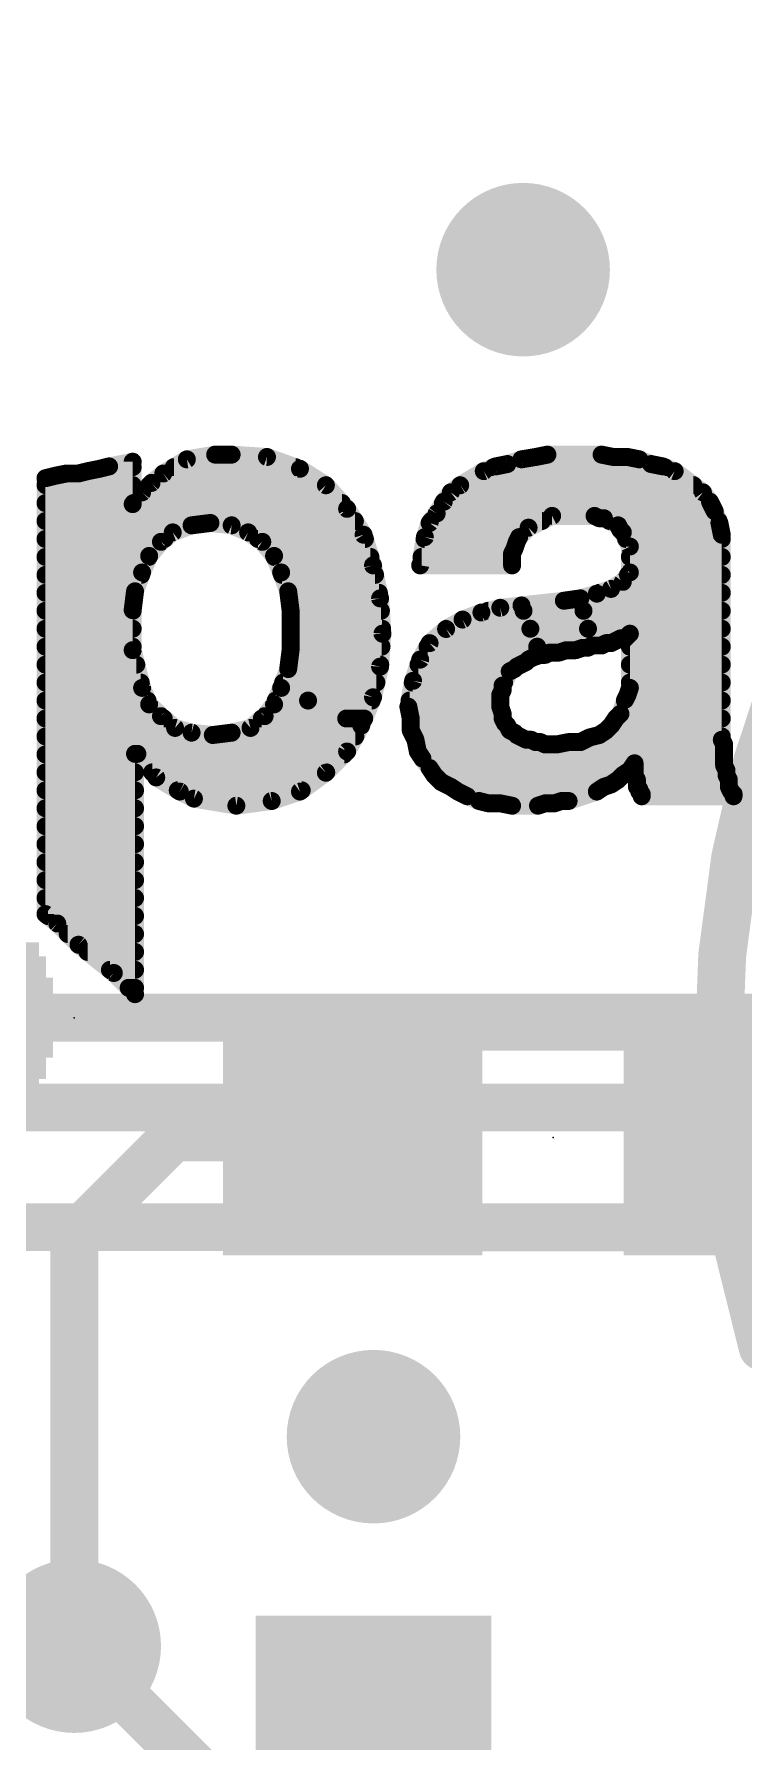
# Model space of a CAD drawing. Extents: x -29 to 78, y -11 to 40.
# Drawn here: x 5.54 to 8.56, y 21.56 to 28.81 of the extents above; entities that cross this region are included whole.
import ezdxf

# ---------------------------------------------------------------- set-up
doc = ezdxf.new("R2010")
doc.units = 0
for name, color, linetype in [('1', 12, 'CONTINUOUS'), ('16', 53, 'CONTINUOUS'), ('18', 110, 'CONTINUOUS'), ('21', 41, 'CONTINUOUS'), ('22', 40, 'CONTINUOUS'), ('23', 53, 'CONTINUOUS'), ('24', 53, 'CONTINUOUS'), ('51', 53, 'CONTINUOUS')]:
    doc.layers.add(name, color=color, linetype=linetype)

# ---------------------------------------------------------------- blocks, each defined once
blk = doc.blocks.new('RECT')
blk.add_solid([(-0.5, -0.5), (0.5, -0.5), (-0.5, 0.5), (0.5, 0.5)])
blk = doc.blocks.new('ROUNDV')
at = {"const_width": 0.5}
blk.add_lwpolyline([(0, -0.25, 1), (0, 0.25, 1), (0, -0.25)], format="xyb", dxfattribs=at)

msp = doc.modelspace()

# ---------------------------------------------------------------- linework, layer by layer
at = {"layer": '1', "const_width": 0.2032}
for points in [[(6.135, 24.13), (5.715, 23.71)], [(6.135, 24.13), (6.897, 24.13)], [(8.597, 24.13), (11.766, 24.13)], [(5.715, 21.971), (5.715, 23.71)]]:
    msp.add_lwpolyline(points, dxfattribs=at)
at = {"layer": '1', "const_width": 0.1016}
for points in [[(6.135, 24.1808, 1), (6.135, 24.0792)], [(6.1709, 24.0941, 1), (6.0991, 24.1659)], [(6.897, 24.0792, 1), (6.897, 24.1808)], [(8.597, 24.1808, 1), (8.597, 24.0792)], [(5.7658, 23.71, 1), (5.6642, 23.71)], [(5.6791, 23.7459, 1), (5.7509, 23.6741)], [(5.6642, 21.971, 1), (5.7658, 21.971)]]:
    msp.add_lwpolyline(points, format="xyb", dxfattribs=at)
at = {"layer": '16', "const_width": 0.2032}
for points in [[(3.048, 24.638), (11.43, 24.638)], [(11.684, 24.257), (3.937, 24.257)], [(4.953, 23.749), (8.636, 23.749)], [(8.636, 23.749), (11.049, 21.336)], [(9.271, 18.415), (5.715, 21.971)]]:
    msp.add_lwpolyline(points, dxfattribs=at)
at = {"layer": '16', "const_width": 0.1016}
for points in [[(8.6719, 23.7849, 1), (8.6001, 23.7131)], [(5.7509, 22.0069, 1), (5.6791, 21.9351)]]:
    msp.add_lwpolyline(points, format="xyb", dxfattribs=at)
at = {"layer": '21', "const_width": 0.0762}
for points in [[(5.863, 26.978), (5.963, 26.998)], [(5.963, 26.998), (5.963, 26.818)], [(6.093, 26.948), (6.193, 27.008)], [(6.193, 27.008), (6.313, 27.028)], [(6.313, 27.028), (6.383, 27.028)], [(6.383, 27.028), (6.533, 27.018)], [(6.533, 27.018), (6.673, 26.968)], [(7.553, 26.988), (7.613, 27.008)], [(7.613, 27.008), (7.673, 27.018)], [(7.673, 27.018), (7.723, 27.028)], [(7.723, 27.028), (7.953, 27.028)], [(7.953, 27.028), (8.003, 27.018)], [(8.003, 27.018), (8.063, 27.018)], [(8.063, 27.018), (8.113, 27.008)], [(8.113, 27.008), (8.163, 26.988)], [(5.593, 26.928), (5.633, 26.938)], [(5.593, 25.078), (5.593, 26.928)], [(5.633, 26.938), (5.683, 26.948)], [(5.683, 26.948), (5.733, 26.948)], [(5.733, 26.948), (5.773, 26.958)], [(5.773, 26.958), (5.823, 26.968)], [(5.823, 26.968), (5.863, 26.978)], [(5.8502, 26.9748), (5.963, 26.9748)], [(6.043, 26.908), (6.093, 26.948)], [(6.1377, 26.9748), (6.654, 26.9748)], [(6.673, 26.968), (6.783, 26.898)], [(7.353, 26.898), (7.453, 26.958)], [(7.453, 26.958), (7.503, 26.978)], [(7.495, 26.9748), (8.221, 26.9748)], [(7.503, 26.978), (7.553, 26.988)], [(8.163, 26.988), (8.213, 26.978)], [(8.213, 26.978), (8.263, 26.958)], [(8.263, 26.958), (8.383, 26.868)], [(5.593, 26.8986), (5.963, 26.8986)], [(5.963, 26.818), (6.003, 26.868)], [(6.003, 26.868), (6.043, 26.908)], [(6.0336, 26.8986), (6.7821, 26.8986)], [(6.783, 26.898), (6.873, 26.798)], [(7.283, 26.828), (7.313, 26.868)], [(7.313, 26.868), (7.353, 26.898)], [(7.354, 26.8986), (8.3422, 26.8986)], [(8.383, 26.868), (8.413, 26.828)], [(5.593, 26.8224), (5.963, 26.8224)], [(5.9665, 26.8224), (6.851, 26.8224)], [(6.873, 26.798), (6.943, 26.688)], [(7.253, 26.778), (7.283, 26.828)], [(7.2796, 26.8224), (8.4158, 26.8224)], [(8.413, 26.828), (8.433, 26.788)], [(8.433, 26.788), (8.453, 26.738)], [(5.593, 26.7462), (6.906, 26.7462)], [(6.213, 26.728), (6.133, 26.698)], [(6.293, 26.738), (6.213, 26.728)], [(6.383, 26.728), (6.293, 26.738)], [(6.453, 26.698), (6.383, 26.728)], [(7.203, 26.678), (7.223, 26.738)], [(7.223, 26.738), (7.253, 26.778)], [(7.2292, 26.7462), (7.6994, 26.7462)], [(7.643, 26.718), (7.603, 26.678)], [(7.743, 26.768), (7.643, 26.718)], [(7.923, 26.768), (7.743, 26.768)], [(7.943, 26.758), (7.923, 26.768)], [(7.963, 26.758), (7.943, 26.758)], [(8.023, 26.728), (7.963, 26.758)], [(7.9866, 26.7462), (8.4497, 26.7462)], [(8.033, 26.708), (8.023, 26.728)], [(8.043, 26.698), (8.033, 26.708)], [(8.453, 26.738), (8.463, 26.688)], [(5.593, 26.67), (6.098, 26.67)], [(6.083, 26.658), (6.033, 26.598)], [(6.133, 26.698), (6.083, 26.658)], [(6.513, 26.658), (6.453, 26.698)], [(6.495, 26.67), (6.9485, 26.67)], [(6.563, 26.598), (6.513, 26.658)], [(6.943, 26.688), (6.983, 26.558)], [(7.183, 26.558), (7.203, 26.678)], [(7.2017, 26.67), (7.599, 26.67)], [(7.593, 26.658), (7.583, 26.628)], [(7.603, 26.678), (7.593, 26.658)], [(8.073, 26.638), (8.043, 26.698)], [(8.057, 26.67), (8.463, 26.67)], [(8.073, 26.528), (8.073, 26.638)], [(8.463, 26.688), (8.463, 25.818)], [(5.593, 26.5938), (6.0312, 26.5938)], [(6.033, 26.598), (6.003, 26.528)], [(6.593, 26.528), (6.563, 26.598)], [(6.5648, 26.5938), (6.972, 26.5938)], [(7.189, 26.5938), (7.573, 26.5938)], [(7.583, 26.628), (7.573, 26.608)], [(7.573, 26.608), (7.573, 26.558)], [(8.073, 26.5938), (8.463, 26.5938)], [(5.593, 26.5176), (5.9991, 26.5176)], [(6.003, 26.528), (5.973, 26.448)], [(6.623, 26.448), (6.593, 26.528)], [(6.5969, 26.5176), (6.9917, 26.5176)], [(6.983, 26.558), (7.013, 26.418)], [(7.573, 26.558), (7.183, 26.558)], [(8.043, 26.488), (8.073, 26.528)], [(8.0652, 26.5176), (8.463, 26.5176)], [(5.593, 26.4414), (5.9722, 26.4414)], [(5.973, 26.448), (5.963, 26.368)], [(6.633, 26.368), (6.623, 26.448)], [(6.6238, 26.4414), (7.008, 26.4414)], [(7.013, 26.418), (7.023, 26.268)], [(7.793, 26.408), (7.863, 26.418)], [(7.863, 26.418), (7.933, 26.438)], [(7.863, 26.418), (7.913, 26.218)], [(7.913, 26.218), (7.863, 26.418)], [(7.933, 26.438), (7.993, 26.458)], [(7.9432, 26.4414), (8.463, 26.4414)], [(7.993, 26.458), (8.043, 26.488)], [(5.593, 26.3652), (5.963, 26.3652)], [(5.963, 26.368), (5.963, 26.198)], [(6.633, 26.278), (6.633, 26.368)], [(6.633, 26.3652), (7.0165, 26.3652)], [(7.363, 26.328), (7.443, 26.358)], [(7.443, 26.358), (7.523, 26.378)], [(7.4718, 26.3652), (7.6217, 26.3652)], [(7.523, 26.378), (7.613, 26.388)], [(7.613, 26.388), (7.793, 26.408)], [(7.693, 26.178), (7.613, 26.388)], [(7.613, 26.388), (7.693, 26.178)], [(7.6217, 26.3652), (7.8762, 26.3652)], [(7.8762, 26.3652), (8.463, 26.3652)], [(5.593, 26.289), (5.963, 26.289)], [(6.633, 26.289), (7.0216, 26.289)], [(6.633, 26.198), (6.633, 26.278)], [(6.633, 26.278), (7.023, 26.268)], [(7.023, 26.268), (6.633, 26.278)], [(7.223, 26.228), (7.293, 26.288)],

================================

TASK GOAL> Take from the listing every line in which the word "blocks" appears.

SOLUTION TO THE EXERCISE>
# ---------------------------------------------------------------- blocks, each defined once
blk = doc.blocks.new('RECT')
blk = doc.blocks.new('ROUNDV')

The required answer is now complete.